# Beef Stroganoff (Cajun Corner)



## Brainbucket (Mar 30, 2015)

1 pound sirloin steak trimmed of fat
2 tablespoons flour
1 1/2 cups fresh mushrooms
1/2 cup chopped onions
3/4 cup chopped bell pepper
1 clove garlic minced 
2 tablespoons cooking sherry
1/2 teaspoon Worcestershire sauce
1/2 teaspoon hot sauce (Tabasco or Louisiana hot sauce)
1/4 teaspoon black pepper
1/4 teaspoon white pepper
4 tablespoons safflower oil (In all)
1 1/4 cups water plus 1 tablespoon
1 tablespoon catsup
1 teaspoon instant beef bouillon granules
8 ounces sour cream
4 ounces cooked noodles (I do more)
2 tablespoons cornstarch


Cut steak into 1/4" by 1 1/2" strips.

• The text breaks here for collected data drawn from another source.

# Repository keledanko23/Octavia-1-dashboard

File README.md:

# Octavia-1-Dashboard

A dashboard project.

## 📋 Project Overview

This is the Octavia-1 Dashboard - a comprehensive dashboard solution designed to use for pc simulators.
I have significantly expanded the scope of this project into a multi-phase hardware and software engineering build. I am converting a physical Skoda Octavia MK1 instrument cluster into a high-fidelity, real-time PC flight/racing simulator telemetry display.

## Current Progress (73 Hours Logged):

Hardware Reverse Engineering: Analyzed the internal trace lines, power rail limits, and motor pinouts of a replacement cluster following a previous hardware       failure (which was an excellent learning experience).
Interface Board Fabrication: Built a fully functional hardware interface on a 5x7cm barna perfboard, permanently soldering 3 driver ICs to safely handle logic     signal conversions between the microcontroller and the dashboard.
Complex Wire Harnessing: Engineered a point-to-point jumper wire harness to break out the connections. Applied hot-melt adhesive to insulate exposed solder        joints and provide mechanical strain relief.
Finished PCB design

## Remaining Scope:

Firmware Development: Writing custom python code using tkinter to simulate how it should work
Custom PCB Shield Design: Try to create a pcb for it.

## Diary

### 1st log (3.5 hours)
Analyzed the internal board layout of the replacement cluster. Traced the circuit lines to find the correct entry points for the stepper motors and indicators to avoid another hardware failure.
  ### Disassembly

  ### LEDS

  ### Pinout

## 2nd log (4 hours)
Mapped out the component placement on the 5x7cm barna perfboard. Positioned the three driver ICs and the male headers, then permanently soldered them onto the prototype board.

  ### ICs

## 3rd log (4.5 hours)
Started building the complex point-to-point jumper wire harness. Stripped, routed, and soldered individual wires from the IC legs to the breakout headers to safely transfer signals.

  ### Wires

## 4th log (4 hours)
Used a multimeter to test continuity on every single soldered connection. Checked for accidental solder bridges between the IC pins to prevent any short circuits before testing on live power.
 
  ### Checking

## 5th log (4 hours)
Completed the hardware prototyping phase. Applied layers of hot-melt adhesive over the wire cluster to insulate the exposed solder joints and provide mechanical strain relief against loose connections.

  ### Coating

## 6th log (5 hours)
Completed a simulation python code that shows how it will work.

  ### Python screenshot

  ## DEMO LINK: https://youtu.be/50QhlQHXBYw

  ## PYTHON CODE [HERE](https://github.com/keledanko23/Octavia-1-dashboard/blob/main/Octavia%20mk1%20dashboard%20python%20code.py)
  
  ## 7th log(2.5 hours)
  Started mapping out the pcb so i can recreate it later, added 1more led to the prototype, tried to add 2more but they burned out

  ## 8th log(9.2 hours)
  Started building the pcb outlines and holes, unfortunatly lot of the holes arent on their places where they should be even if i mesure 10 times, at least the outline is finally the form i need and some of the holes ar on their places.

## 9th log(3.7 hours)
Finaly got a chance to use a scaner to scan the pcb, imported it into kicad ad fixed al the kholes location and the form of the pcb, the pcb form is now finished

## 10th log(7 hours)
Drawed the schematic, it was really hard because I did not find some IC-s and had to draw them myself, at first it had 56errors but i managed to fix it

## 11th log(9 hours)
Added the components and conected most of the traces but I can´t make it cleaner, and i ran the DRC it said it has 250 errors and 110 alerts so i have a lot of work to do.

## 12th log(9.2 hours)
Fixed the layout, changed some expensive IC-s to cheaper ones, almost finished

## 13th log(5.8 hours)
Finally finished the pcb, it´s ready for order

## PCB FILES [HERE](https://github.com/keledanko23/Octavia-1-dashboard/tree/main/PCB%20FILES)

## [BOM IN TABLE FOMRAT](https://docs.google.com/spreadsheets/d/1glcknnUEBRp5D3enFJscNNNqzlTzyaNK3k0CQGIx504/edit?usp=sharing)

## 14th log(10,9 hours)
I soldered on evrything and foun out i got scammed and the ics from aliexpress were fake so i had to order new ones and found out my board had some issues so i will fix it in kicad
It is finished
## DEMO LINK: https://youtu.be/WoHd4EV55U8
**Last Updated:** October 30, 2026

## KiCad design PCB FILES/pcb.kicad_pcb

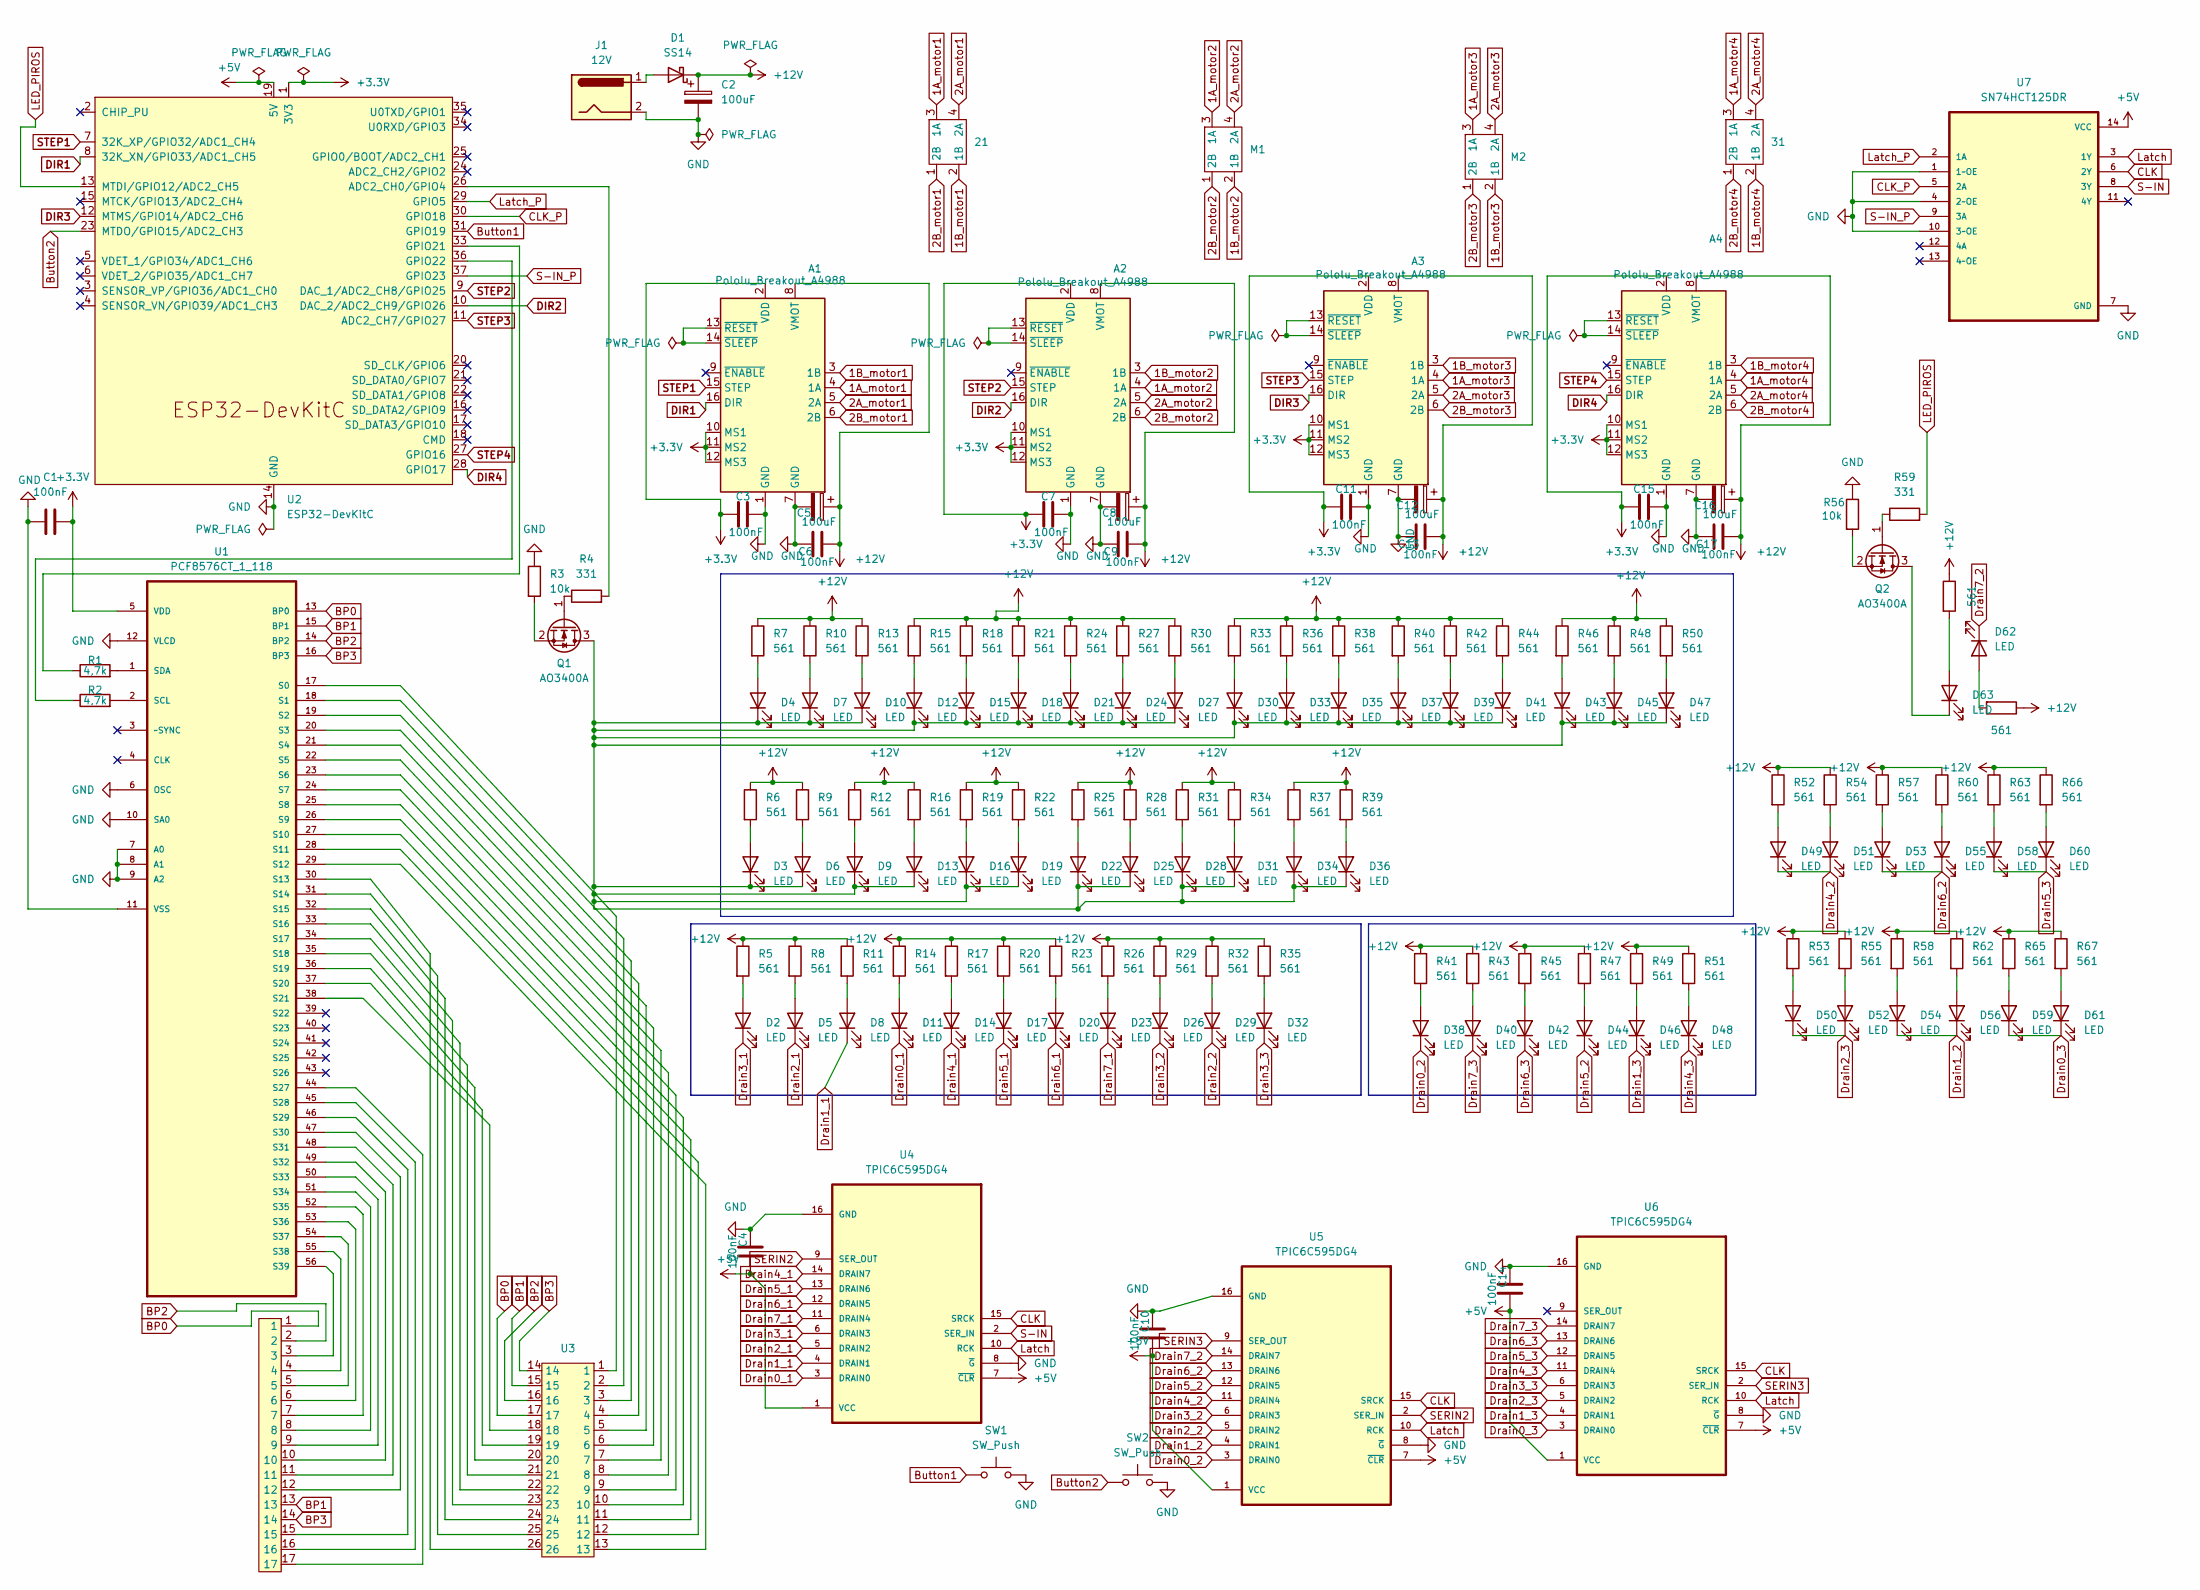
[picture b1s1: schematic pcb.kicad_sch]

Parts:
11: LCDPADS_LEFT1
21, 31: Bez názvu
A1, A2, A3, A4: Pololu_Breakout_A4988; Pololu_Breakout-16_15.2x20.3mm
C1, C3, C4, C6, C7, C9, C10, C11, C13, C14, C15, C17: 100nF; C_0805_2012Metric_Pad1.18x1.45mm_HandSolder
C2, C5, C8, C12, C16: 100uF; C_Elec_6.3x7.7
D1: SS14; D_DO-15_P10.16mm_Horizontal
D2, D3, D4, D5, D6, D7, D8, D9, D10, D11, D12, D13, D14, D15, D16, D17, D18, D19, D20, D21, D22, D23, D24, D25, D26, D27, D28, D29, D30, D31, D32, D33, D34, D35, D36, D37, D38, D39, D40, D41, D42, D43, D44, D45, D46, D47, D48, D49, D50, D51, D52, D53, D54, D55, D56, D58, D59, D60, D61, D62, D63: LED; LED_PLCC_2835_Handsoldering
J1: 12V; BarrelJack_Horizontal
M1, M2: Bez názvu
Q1, Q2: AO3400A; SOT-23_Handsoldering
R1, R2: 4,7k; R_0805_2012Metric_Pad1.20x1.40mm_HandSolder
R3, R56: 10k; R_0805_2012Metric_Pad1.20x1.40mm_HandSolder
R4, R59: 331; R_0805_2012Metric_Pad1.20x1.40mm_HandSolder
R5, R6, R7, R8, R9, R10, R11, R12, R13, R14, R15, R16, R17, R18, R19, R20, R21, R22, R23, R24, R25, R26, R27, R28, R29, R30, R31, R32, R33, R34, R35, R36, R37, R38, R39, R40, R41, R42, R43, R44, R45, R46, R47, R48, R49, R50, R51, R52, R53, R54, R55, R57, R58, R60, R62, R63, R64, R65, R66, R67, R68: 561; R_0805_2012Metric_Pad1.20x1.40mm_HandSolder
SW1, SW2: SW_Push; Bez názvu
U1: PCF8576CT_1_118; PCFCHIP; MPN PCF8576CT/1,118
U2: ESP32-DevKitC
U3: LCDPADS_RIGHT1
U4, U5, U6: TPIC6C595DG4; SOIC127P600X175-16N
U7: SN74HCT125DR; DIP-14_W7.62mm

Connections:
1A_motor1: 21.3 (1A), A1.4 (1A)
1A_motor2: A2.4 (1A), M1.3 (1A)
1A_motor3: A3.4 (1A), M2.3 (1A)
1A_motor4: 31.3 (1A), A4.4 (1A)
1B_motor1: 21.2 (1B), A1.3 (1B)
1B_motor2: A2.3 (1B), M1.2 (1B)
1B_motor3: A3.3 (1B), M2.2 (1B)
1B_motor4: 31.2 (1B), A4.3 (1B)
2A_motor1: 21.4 (2A), A1.5 (2A)
2A_motor2: A2.5 (2A), M1.4 (2A)
2A_motor3: A3.5 (2A), M2.4 (2A)
2A_motor4: 31.4 (2A), A4.5 (2A)
2B_motor1: 21.1 (2B), A1.6 (2B)
2B_motor2: A2.6 (2B), M1.1 (2B)
2B_motor3: A3.6 (2B), M2.1 (2B)
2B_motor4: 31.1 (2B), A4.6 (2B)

Season with white pepper and coat with 1 tablespoon flour. Heat 2 table spoons safflower oil in skillet and brown meat. add mushrooms, onion, bell pepper, and garlic. Cook until onion and bell pepper are tender, 3-4 minutes. Remove meat mixture from skillet and add 2 tablespoons safflower oil to pan drippings. Add 1 tablespoon flour, water, catsup, and beef bouillon. Stir 3-4 minutes. Mix sour cream, hot sauce, 2 tablespoons cornstarch, 1 tablespoon water, 1/4 teaspoon Worcestershire sauce. Add to skillet and stir. Return meat mixture to skillet and simmer 3-4 minutes. Add cooking sherry and simmer 10 minutes. Cook noodles per package directions. Pour Stroganoff over hot noodles.:vs_cool:


----------



## ScottsPainting (Jan 23, 2019)

Nice, would love to try it!


----------